Thermodynamics Research Center / ThermoML | Journal of Chemical and Engineering Data

ABSTRACT

An all-quartz oscillating-disk viscometer of very high precision was used to measure the temperature dependence of the viscosities of methane and hydrogen sulfide at low densities. The measurements were based on a single calibration at room temperature with a value theoretically calculated using an accurate ab initio pair potential for helium and the kinetic theory of dilute monatomic gases. The uncertainty of the experimental data is conservatively estimated to be +- 0.15 % at room temperature increasing to +- 0.20 % at the highest temperature of 682 K. The new data are compared with experimental data from the literature as well as with values obtained from the Quiones-Cisneros correlation for methane (2010) and the Schmidt correlation for hydrogen sulfide (2008) both implemented in the REFPROP computer program of the National Institute of Standards and Technology (NIST).

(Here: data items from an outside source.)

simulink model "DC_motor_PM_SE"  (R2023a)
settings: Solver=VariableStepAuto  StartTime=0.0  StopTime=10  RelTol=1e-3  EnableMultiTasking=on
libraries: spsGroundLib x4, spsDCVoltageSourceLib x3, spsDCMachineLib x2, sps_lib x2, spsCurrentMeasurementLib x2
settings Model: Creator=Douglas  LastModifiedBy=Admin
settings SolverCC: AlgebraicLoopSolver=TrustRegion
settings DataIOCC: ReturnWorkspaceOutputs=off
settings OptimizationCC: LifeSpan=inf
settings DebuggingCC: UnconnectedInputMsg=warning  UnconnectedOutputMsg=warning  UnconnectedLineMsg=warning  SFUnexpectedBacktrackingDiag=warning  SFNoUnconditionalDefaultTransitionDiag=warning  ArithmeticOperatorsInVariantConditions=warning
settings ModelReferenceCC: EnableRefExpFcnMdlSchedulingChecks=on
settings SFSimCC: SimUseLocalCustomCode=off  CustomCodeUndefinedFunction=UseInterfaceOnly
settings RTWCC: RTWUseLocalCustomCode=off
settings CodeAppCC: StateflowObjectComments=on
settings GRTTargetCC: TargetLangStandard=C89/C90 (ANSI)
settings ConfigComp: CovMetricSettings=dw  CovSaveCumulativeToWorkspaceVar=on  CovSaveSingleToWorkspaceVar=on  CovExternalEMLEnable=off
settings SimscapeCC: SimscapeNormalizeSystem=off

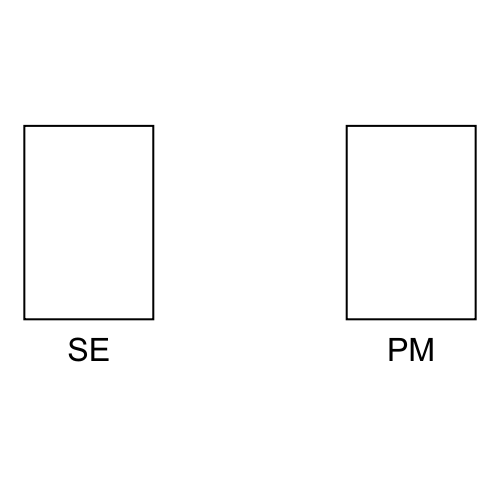
[thumbnail: Simulink's stored preview of the top-level diagram]
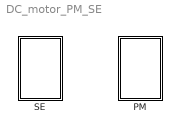
== system DC_motor_PM_SE ==
  PM : Subsystem
  SE : Subsystem

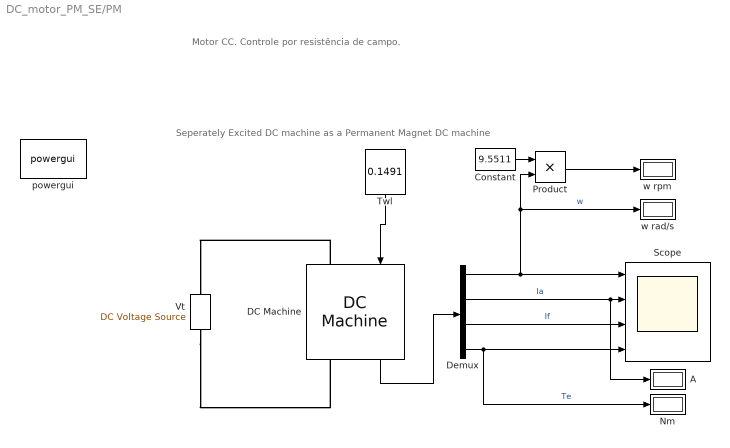
== system DC_motor_PM_SE/PM ==
  note: Seperately Excited DC machine as a Permanent Magnet DC machine
  note: Motor CC. Controle por resistência de campo.
  A : Display
  Constant : Constant  Value=9.5511
  DC Machine : spsDCMachineLib/DC Machine  PresetModel=No  MechanicalLoad=Torque TL  FieldType=Permanent magnet  ShowDetailedParameters=on  MeasurementBus=off  RLa=[ 3.09 0.055]  RLf="[ 2.02  0.27]"  Laf=0.12  MachineConstant=Back-emf constant (V/rpm)  Ke=0.029  Kt=0.2758  J=0.013  Bm=0.00063  Tf=0.0958  w0=0  Ifinit=2.47524752475248  TsPowergui=0  TsBlock=-1
  Demux : Demux
  Nm : Display
  Product : Product
  Scope : Scope  NumInputPorts=4
  Twl : Constant  Value=0.1491
  Vt : spsDCVoltageSourceLib/DC Voltage Source  Amplitude=80  Measurements=None
  powergui : sps_lib/powergui  Priority=1  SimulationMode=Continuous  SampleTime=50e-6  frequency=60  Iterations=50  frequencyindice=0  Pbase=100e6  ErrMax=1e-4  UnitsV=kV  UnitsW=MW  buscounter=0  FunctionMessages=off  echomessages=off  EnableUseOfTLC=off  CurrentSourceSwitches=off  DisableSnubberDevices=off  DisableRonSwitches=off  DisableVfSwitches=off  DisplayEquations=off  AutomaticDiscreteSolvers=off  SolverType=Tustin/Backward Euler (TBE)  Interpol=off  ExternalGateDelay=off  methode=off  Ts=10  x0status=blocks  SPID=off  SwTol=0  HookPort=off  NonlinearTolerance=1e-4  nMaxIteration=100  ContinueOnMaxIteration=off  RestoreLinks=warning  ResistiveCurrentMeasurement=off  Frange=[0:2:500]  Ylog=off  Xlog=on  ShowGrid=off  save=off  variable=ZData  structure=0  ZoomFFT=off  StartTime=0.0  cycles=1  DisplayStyle=1  fundamental=60  FreqAxis=off  MaxFrequency=1000  frequencyindicesteady=1  RmsSteady=1  display=off
  w rad/s : Display
  w rpm : Display
  wires:
  Twl/1 -> DC Machine/1
  Constant/1 -> Product/1
  Demux/1 -> Scope/1, w rad/s/1, Product/2  "w"
  Demux/4 -> Scope/4, Nm/1  "Te"
  Demux/3 -> Scope/3  "If"
  Demux/2 -> A/1, Scope/2  "Ia"
  DC Machine/1 -> Demux/1
  Product/1 -> w rpm/1
  connections:
  Vt/LConn1 -- DC Machine/RConn1
  DC Machine/LConn1 -- Vt/RConn1

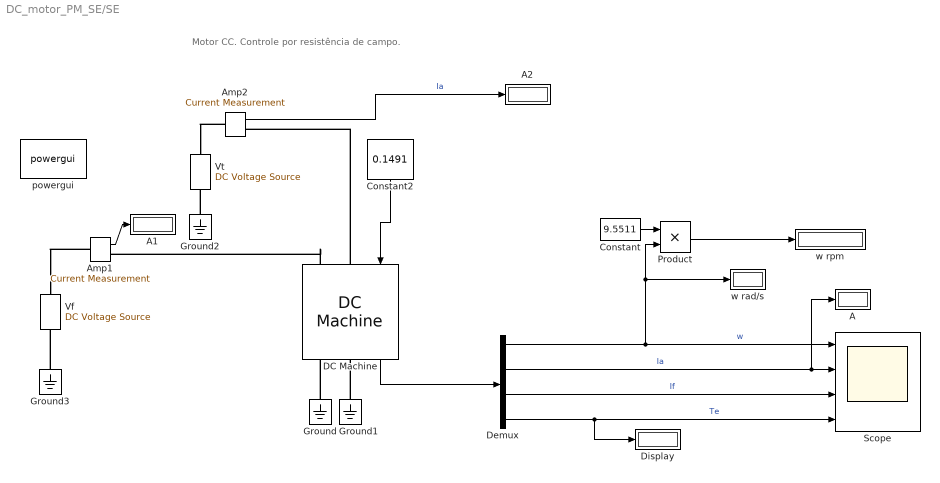
== system DC_motor_PM_SE/SE ==
  note: Motor CC. Controle por resistência de campo.
  A : Display
  A1 : Display
  A2 : Display
  Amp1 : spsCurrentMeasurementLib/Current Measurement  PhasorSimulation=off  OutputType=Complex  PSBequivalent=0
  Amp2 : spsCurrentMeasurementLib/Current Measurement  PhasorSimulation=off  OutputType=Complex  PSBequivalent=0
  Constant : Constant  Value=9.5511
  Constant2 : Constant  Value=0.1491
  DC Machine : spsDCMachineLib/DC Machine  PresetModel=No  MechanicalLoad=Torque TL  FieldType=Wound  ShowDetailedParameters=on  MeasurementBus=off  RLa="[ 3.09  0.055]"  RLf="[ 2.02  0.27]"  Laf=0.11  MachineConstant=Torque constant (N.m/A)  Ke=1.8  Kt=1.8  J=0.013  Bm=0.00063  Tf=0.0958  w0=0  Ifinit=2.50990099009901  TsPowergui=0  TsBlock=-1
  Demux : Demux
  Display : Display
  Ground{,1..3} (4 alike) : spsGroundLib/Ground  LConnTagsString=a
  Product : Product
  Scope : Scope  NumInputPorts=4
  Vf : spsDCVoltageSourceLib/DC Voltage Source  Amplitude=5.07  Measurements=None
  Vt : spsDCVoltageSourceLib/DC Voltage Source  Amplitude=80  Measurements=None
  powergui : sps_lib/powergui  Priority=1  SimulationMode=Continuous  SampleTime=50e-6  frequency=60  Iterations=50  frequencyindice=0  Pbase=100e6  ErrMax=1e-4  UnitsV=kV  UnitsW=MW  buscounter=0  FunctionMessages=off  echomessages=off  EnableUseOfTLC=off  CurrentSourceSwitches=off  DisableSnubberDevices=off  DisableRonSwitches=off  DisableVfSwitches=off  DisplayEquations=off  AutomaticDiscreteSolvers=off  SolverType=Tustin/Backward Euler (TBE)  Interpol=off  ExternalGateDelay=off  methode=off  Ts=10  x0status=blocks  SPID=off  SwTol=0  HookPort=off  NonlinearTolerance=1e-4  nMaxIteration=100  ContinueOnMaxIteration=off  RestoreLinks=warning  ResistiveCurrentMeasurement=off  Frange=[0:2:500]  Ylog=off  Xlog=on  ShowGrid=off  save=off  variable=ZData  structure=0  ZoomFFT=off  StartTime=0.0  cycles=1  DisplayStyle=1  fundamental=60  FreqAxis=off  MaxFrequency=1000  frequencyindicesteady=1  RmsSteady=1  display=off
  w rad/s : Display
  w rpm : Display
  wires:
  Amp1/1 -> A1/1
  Product/1 -> w rpm/1
  DC Machine/1 -> Demux/1
  Demux/2 -> A/1, Scope/2  "Ia"
  Demux/3 -> Scope/3  "If"
  Demux/4 -> Scope/4, Display/1  "Te"
  Demux/1 -> w rad/s/1, Product/2, Scope/1  "w"
  Constant/1 -> Product/1
  Amp2/1 -> A2/1  "Ia"
  Constant2/1 -> DC Machine/1
  connections:
  Ground/LConn1 -- DC Machine/RConn2
  Ground3/LConn1 -- Vf/LConn1
  Amp2/LConn1 -- Vt/RConn1
  Ground2/LConn1 -- Vt/LConn1
  Ground1/LConn1 -- DC Machine/RConn1
  Amp1/LConn1 -- Vf/RConn1
  DC Machine/LConn2 -- Amp1/RConn1
  DC Machine/LConn1 -- Amp2/RConn1

The comparison shows that the low-density values of the Quiones-Cisneros correlation for methane, primarily based on measurements in the range from (211 to 392) K performed at NIST in 2007, can be considered as reference values. On the contrary, the new experimental data for hydrogen sulfide are (2 to 6) % lower than the low-density values of the Schmidt correlation and should be taken into account for an improvement of the viscosity correlation for hydrogen sulfide. Furthermore, the temperature dependence of the viscosities calculated theoretically using ab initio intermolecular potential energy hypersurfaces for methane and hydrogen sulfide and the extended kinetic theory of dilute molecular gases should be used to extrapolate the viscosity correlations to low and high temperatures.